● **Data excerpts**:
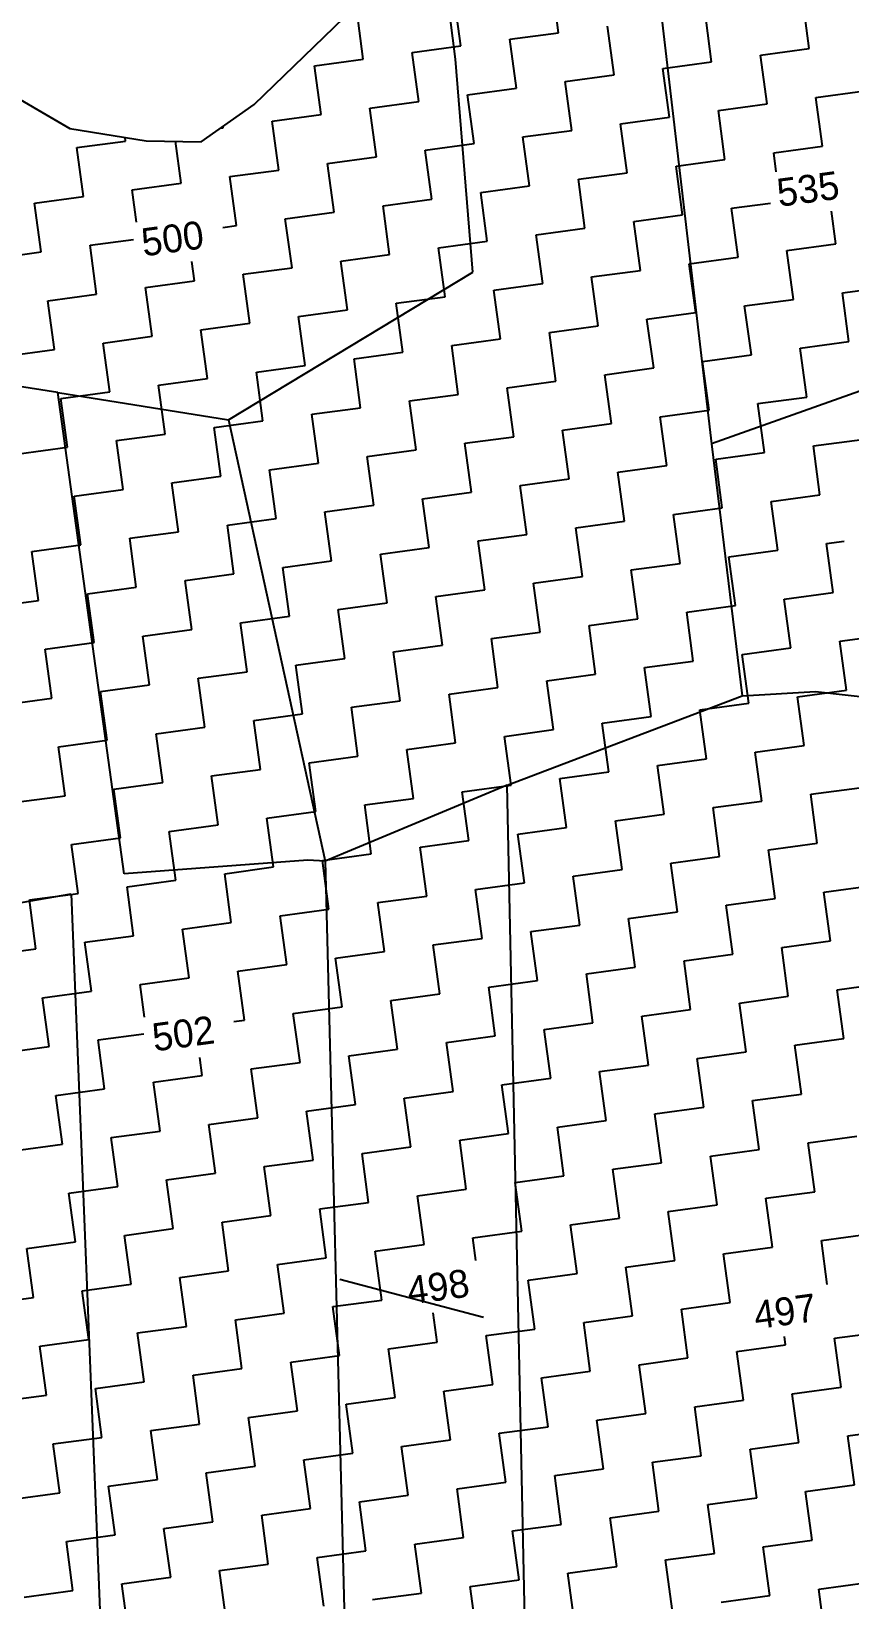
# Model space of a CAD drawing. Header units: metres. Extents: x 318393 to 319412, y 1868341 to 1869380.
# Drawn here: x 318826 to 318890.7, y 1869086 to 1869209.9 of the extents above; entities that cross this region are included whole.
import ezdxf

# ---------------------------------------------------------------- set-up
doc = ezdxf.new("R2010")
doc.units = ezdxf.units.M
doc.header["$LTSCALE"] = 0.3
doc.header["$MEASUREMENT"] = 0
for name, color, linetype in [('POLY_HATCH', 12, 'CONTINUOUS'), ('POLY_PARCEL', 6, 'CONTINUOUS'), ('TEXT_PARCEL', 7, 'CONTINUOUS'), ('V_BOUND_LINE', 7, 'CONTINUOUS')]:
    doc.layers.add(name, color=color, linetype=linetype)
doc.styles.add('TEXT_MAP', font='')
doc.styles.get('TEXT_MAP').set_extended_font_data('Kruti Dev 050')

msp = doc.modelspace()

# ---------------------------------------------------------------- linework, layer by layer
at = {"layer": 'POLY_HATCH', "linetype": 'Continuous'}
for p, q in [((318859.99, 1869208.74), (318859.46, 1869212.59)), ((318867.7, 1869209.78), (318867.4, 1869212.03)), ((318887.52, 1869208.53), (318887, 1869212.39)), ((318852.27, 1869207.69), (318851.75, 1869211.55)), ((318879.8, 1869207.48), (318879.36, 1869210.78)), ((318863.85, 1869209.26), (318867.7, 1869209.78)), ((318864.37, 1869205.4), (318863.85, 1869209.26)), ((318872.09, 1869206.44), (318871.56, 1869210.3)), ((318856.13, 1869208.21), (318859.99, 1869208.74)), ((318856.65, 1869204.35), (318856.13, 1869208.21)), ((318883.66, 1869208.01), (318887.52, 1869208.53)), ((318884.19, 1869204.15), (318883.66, 1869208.01)), ((318848.41, 1869207.17), (318852.27, 1869207.69)), ((318848.93, 1869203.31), (318848.41, 1869207.17)), ((318875.95, 1869206.96), (318879.8, 1869207.48)), ((318876.47, 1869203.1), (318875.95, 1869206.96)), ((318868.23, 1869205.92), (318872.09, 1869206.44)), ((318868.75, 1869202.06), (318868.23, 1869205.92)), ((318852.79, 1869203.83), (318856.65, 1869204.35)), ((318860.51, 1869204.88), (318864.37, 1869205.4)), ((318861.03, 1869201.02), (318860.51, 1869204.88)), ((318888.04, 1869204.67), (318891.9, 1869205.19)), ((318888.57, 1869200.81), (318888.04, 1869204.67)), ((318845.07, 1869202.79), (318848.93, 1869203.31)), ((318853.31, 1869199.97), (318852.79, 1869203.83)), ((318872.61, 1869202.58), (318876.47, 1869203.1)), ((318880.33, 1869203.63), (318884.19, 1869204.15)), ((318880.85, 1869199.77), (318880.33, 1869203.63)), ((318840.98, 1869202.24), (318841.21, 1869202.27)), ((318841.21, 1869202.27), (318841.2, 1869202.39)), ((318845.59, 1869198.93), (318845.07, 1869202.79)), ((318864.89, 1869201.54), (318868.75, 1869202.06)), ((318873.13, 1869198.72), (318872.61, 1869202.58)), ((318829.63, 1869200.7), (318833.49, 1869201.22)), ((318830.16, 1869196.84), (318829.63, 1869200.7)), ((318833.49, 1869201.22), (318833.46, 1869201.5)), ((318837.87, 1869197.89), (318837.43, 1869201.2)), ((318857.17, 1869200.5), (318861.03, 1869201.02)), ((318865.41, 1869197.68), (318864.89, 1869201.54)), ((318884.71, 1869200.29), (318888.57, 1869200.81)), ((318849.45, 1869199.45), (318853.31, 1869199.97)), ((318849.97, 1869195.59), (318849.45, 1869199.45)), ((318857.69, 1869196.64), (318857.17, 1869200.5)), ((318876.99, 1869199.24), (318880.85, 1869199.77)), ((318884.91, 1869198.78), (318884.71, 1869200.29)), ((318841.73, 1869198.41), (318845.59, 1869198.93)), ((318842.26, 1869194.55), (318841.73, 1869198.41)), ((318869.27, 1869198.2), (318873.13, 1869198.72)), ((318869.79, 1869194.34), (318869.27, 1869198.2)), ((318877.51, 1869195.39), (318876.99, 1869199.24)), ((318826.3, 1869196.32), (318830.16, 1869196.84)), ((318834.01, 1869197.36), (318837.87, 1869197.89)), ((318834.36, 1869194.82), (318834.01, 1869197.36)), ((318861.55, 1869197.16), (318865.41, 1869197.68)), ((318862.07, 1869193.3), (318861.55, 1869197.16)), ((318826.82, 1869192.46), (318826.3, 1869196.32)), ((318846.11, 1869195.07), (318849.97, 1869195.59)), ((318853.83, 1869196.11), (318857.69, 1869196.64)), ((318854.35, 1869192.25), (318853.83, 1869196.11)), ((318881.37, 1869195.91), (318884.46, 1869196.32)), ((318881.89, 1869192.05), (318881.37, 1869195.91)), ((318889.61, 1869193.09), (318889.26, 1869195.67)), ((318841.18, 1869194.4), (318842.26, 1869194.55)), ((318846.64, 1869191.21), (318846.11, 1869195.07)), ((318865.93, 1869193.82), (318869.79, 1869194.34)), ((318873.65, 1869194.86), (318877.51, 1869195.39)), ((318874.17, 1869191), (318873.65, 1869194.86)), ((318830.68, 1869192.98), (318834.11, 1869193.45)), ((318858.21, 1869192.78), (318862.07, 1869193.3)), ((318866.45, 1869189.96), (318865.93, 1869193.82)), ((318885.75, 1869192.57), (318889.61, 1869193.09)), ((318822.96, 1869191.94), (318826.82, 1869192.46)), ((318831.2, 1869189.12), (318830.68, 1869192.98)), ((318850.5, 1869191.73), (318854.35, 1869192.25)), ((318858.74, 1869188.92), (318858.21, 1869192.78)), ((318878.03, 1869191.53), (318881.89, 1869192.05)), ((318886.27, 1869188.71), (318885.75, 1869192.57)), ((318838.92, 1869190.17), (318838.71, 1869191.71)), ((318842.78, 1869190.69), (318846.64, 1869191.21)), ((318843.3, 1869186.83), (318842.78, 1869190.69)), ((318851.02, 1869187.87), (318850.5, 1869191.73)), ((318870.31, 1869190.48), (318874.17, 1869191)), ((318878.55, 1869187.67), (318878.03, 1869191.53)), ((318835.06, 1869189.65), (318838.92, 1869190.17)), ((318835.58, 1869185.79), (318835.06, 1869189.65)), ((318862.6, 1869189.44), (318866.45, 1869189.96)), ((318863.12, 1869185.58), (318862.6, 1869189.44)), ((318870.84, 1869186.62), (318870.31, 1869190.48)), ((318890.13, 1869189.23), (318893.99, 1869189.75)), ((318827.34, 1869188.6), (318831.2, 1869189.12)), ((318827.86, 1869184.74), (318827.34, 1869188.6)), ((318854.88, 1869188.4), (318858.74, 1869188.92)), ((318855.4, 1869184.54), (318854.88, 1869188.4)), ((318882.41, 1869188.19), (318886.27, 1869188.71)), ((318882.94, 1869184.33), (318882.41, 1869188.19)), ((318890.65, 1869185.37), (318890.13, 1869189.23)), ((318847.16, 1869187.35), (318851.02, 1869187.87)), ((318847.68, 1869183.49), (318847.16, 1869187.35)), ((318874.69, 1869187.14), (318878.55, 1869187.67)), ((318875.22, 1869183.29), (318874.69, 1869187.14)), ((318831.72, 1869185.26), (318835.58, 1869185.79)), ((318839.44, 1869186.31), (318843.3, 1869186.83)), ((318839.96, 1869182.45), (318839.44, 1869186.31)), ((318866.98, 1869186.1), (318870.84, 1869186.62)), ((318867.5, 1869182.24), (318866.98, 1869186.1)), ((318824, 1869184.22), (318827.86, 1869184.74)), ((318832.24, 1869181.41), (318831.72, 1869185.26)), ((318851.54, 1869184.01), (318855.4, 1869184.54)), ((318859.26, 1869185.06), (318863.12, 1869185.58)), ((318859.78, 1869181.2), (318859.26, 1869185.06)), ((318886.79, 1869184.85), (318890.65, 1869185.37)), ((318887.32, 1869180.99), (318886.79, 1869184.85)), ((318843.82, 1869182.97), (318847.68, 1869183.49)), ((318852.06, 1869180.15), (318851.54, 1869184.01)), ((318871.36, 1869182.76), (318875.22, 1869183.29)), ((318879.08, 1869183.81), (318882.94, 1869184.33)), ((318879.6, 1869179.95), (318879.08, 1869183.81)), ((318836.1, 1869181.93), (318839.96, 1869182.45)), ((318836.62, 1869178.07), (318836.1, 1869181.93)), ((318844.34, 1869179.11), (318843.82, 1869182.97)), ((318863.64, 1869181.72), (318867.5, 1869182.24)), ((318871.88, 1869178.9), (318871.36, 1869182.76)), ((318828.38, 1869180.88), (318832.24, 1869181.41)), ((318828.9, 1869177.02), (318828.38, 1869180.88)), ((318855.92, 1869180.68), (318859.78, 1869181.2)), ((318864.16, 1869177.86), (318863.64, 1869181.72)), ((318883.46, 1869180.47), (318887.32, 1869180.99)), ((318848.2, 1869179.63), (318852.06, 1869180.15)), ((318848.72, 1869175.77), (318848.2, 1869179.63)), ((318856.44, 1869176.82), (318855.92, 1869180.68)), ((318875.74, 1869179.43), (318879.6, 1869179.95)), ((318883.98, 1869176.61), (318883.46, 1869180.47)), ((318840.48, 1869178.59), (318844.34, 1869179.11)), ((318841, 1869174.73), (318840.48, 1869178.59)), ((318868.02, 1869178.38), (318871.88, 1869178.9)), ((318868.54, 1869174.52), (318868.02, 1869178.38)), ((318876.26, 1869175.57), (318875.74, 1869179.43)), ((318825.05, 1869176.5), (318828.9, 1869177.02)), ((318832.76, 1869177.55), (318836.62, 1869178.07)), ((318833.29, 1869173.69), (318832.76, 1869177.55)), ((318860.3, 1869177.34), (318864.16, 1869177.86)), ((318860.82, 1869173.48), (318860.3, 1869177.34)), ((318887.84, 1869177.13), (318891.7, 1869177.65)), ((318888.36, 1869173.27), (318887.84, 1869177.13)), ((318844.86, 1869175.25), (318848.72, 1869175.77)), ((318852.58, 1869176.3), (318856.44, 1869176.82)), ((318853.1, 1869172.44), (318852.58, 1869176.3)), ((318880.12, 1869176.09), (318883.98, 1869176.61)), ((318880.64, 1869172.23), (318880.12, 1869176.09)), ((318837.15, 1869174.21), (318841, 1869174.73)), ((318845.39, 1869171.39), (318844.86, 1869175.25)), ((318864.68, 1869174), (318868.54, 1869174.52)), ((318872.4, 1869175.05), (318876.26, 1869175.57)), ((318872.92, 1869171.19), (318872.4, 1869175.05)), ((318829.43, 1869173.17), (318833.29, 1869173.69)), ((318837.67, 1869170.35), (318837.15, 1869174.21)), ((318856.96, 1869172.96), (318860.82, 1869173.48)), ((318865.2, 1869170.14), (318864.68, 1869174)), ((318884.5, 1869172.75), (318888.36, 1869173.27)), ((318829.95, 1869169.31), (318829.43, 1869173.17)), ((318849.24, 1869171.91), (318853.1, 1869172.44)), ((318857.49, 1869169.1), (318856.96, 1869172.96)), ((318876.78, 1869171.71), (318880.64, 1869172.23)), ((318885.02, 1869168.89), (318884.5, 1869172.75)), ((318841.53, 1869170.87), (318845.39, 1869171.39)), ((318842.05, 1869167.01), (318841.53, 1869170.87)), ((318849.77, 1869168.06), (318849.24, 1869171.91)), ((318869.06, 1869170.66), (318872.92, 1869171.19)), ((318877.3, 1869167.85), (318876.78, 1869171.71)), ((318833.81, 1869169.83), (318837.67, 1869170.35)), ((318834.33, 1869165.97), (318833.81, 1869169.83)), ((318861.34, 1869169.62), (318865.2, 1869170.14)), ((318861.87, 1869165.76), (318861.34, 1869169.62)), ((318869.59, 1869166.8), (318869.06, 1869170.66)), ((318888.88, 1869169.41), (318890.28, 1869169.6)), ((318826.09, 1869168.78), (318829.95, 1869169.31)), ((318826.61, 1869164.92), (318826.09, 1869168.78)), ((318853.63, 1869168.58), (318857.49, 1869169.1)), ((318854.15, 1869164.72), (318853.63, 1869168.58)), ((318881.16, 1869168.37), (318885.02, 1869168.89)), ((318881.68, 1869164.51), (318881.16, 1869168.37)), ((318889.4, 1869165.55), (318888.88, 1869169.41)), ((318845.91, 1869167.53), (318849.77, 1869168.06)), ((318846.43, 1869163.67), (318845.91, 1869167.53)), ((318873.44, 1869167.33), (318877.3, 1869167.85)), ((318873.97, 1869163.47), (318873.44, 1869167.33)), ((318830.47, 1869165.45), (318834.33, 1869165.97)), ((318838.19, 1869166.49), (318842.05, 1869167.01)), ((318838.71, 1869162.63), (318838.19, 1869166.49)), ((318865.73, 1869166.28), (318869.59, 1869166.8)), ((318866.25, 1869162.42), (318865.73, 1869166.28)), ((318822.75, 1869164.4), (318826.61, 1869164.92)), ((318830.99, 1869161.59), (318830.47, 1869165.45)), ((318850.29, 1869164.2), (318854.15, 1869164.72)), ((318858.01, 1869165.24), (318861.87, 1869165.76)), ((318858.53, 1869161.38), (318858.01, 1869165.24)), ((318885.54, 1869165.03), (318889.4, 1869165.55)), ((318886.07, 1869161.17), (318885.54, 1869165.03)), ((318842.57, 1869163.15), (318846.43, 1869163.67)), ((318850.81, 1869160.34), (318850.29, 1869164.2)), ((318870.11, 1869162.95), (318873.97, 1869163.47)), ((318877.83, 1869163.99), (318881.68, 1869164.51)), ((318878.35, 1869160.13), (318877.83, 1869163.99)), ((318834.85, 1869162.11), (318838.71, 1869162.63)), ((318835.37, 1869158.25), (318834.85, 1869162.11)), ((318843.09, 1869159.29), (318842.57, 1869163.15)), ((318862.39, 1869161.9), (318866.25, 1869162.42)), ((318870.63, 1869159.09), (318870.11, 1869162.95)), ((318889.93, 1869161.7), (318893.78, 1869162.22)), ((318827.13, 1869161.07), (318830.99, 1869161.59)), ((318827.65, 1869157.21), (318827.13, 1869161.07)), ((318854.67, 1869160.86), (318858.53, 1869161.38)), ((318855.19, 1869157), (318854.67, 1869160.86)), ((318862.91, 1869158.04), (318862.39, 1869161.9)), ((318882.21, 1869160.65), (318886.07, 1869161.17)), ((318890.45, 1869157.84), (318889.93, 1869161.7)), ((318846.95, 1869159.81), (318850.81, 1869160.34)), ((318847.47, 1869155.96), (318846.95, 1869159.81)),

● **WORK TO BE COMPLETED**: Beginning at the line with "doc.layers.add(name, color=color, linetype=linetype)" and stopping after the line with "layer by layer", please write out every line of the data above exactly and nothing else.

● **YOUR SOLUTION**:
    doc.layers.add(name, color=color, linetype=linetype)
doc.styles.add('TEXT_MAP', font='')
doc.styles.get('TEXT_MAP').set_extended_font_data('Kruti Dev 050')

msp = doc.modelspace()

# ---------------------------------------------------------------- linework, layer by layer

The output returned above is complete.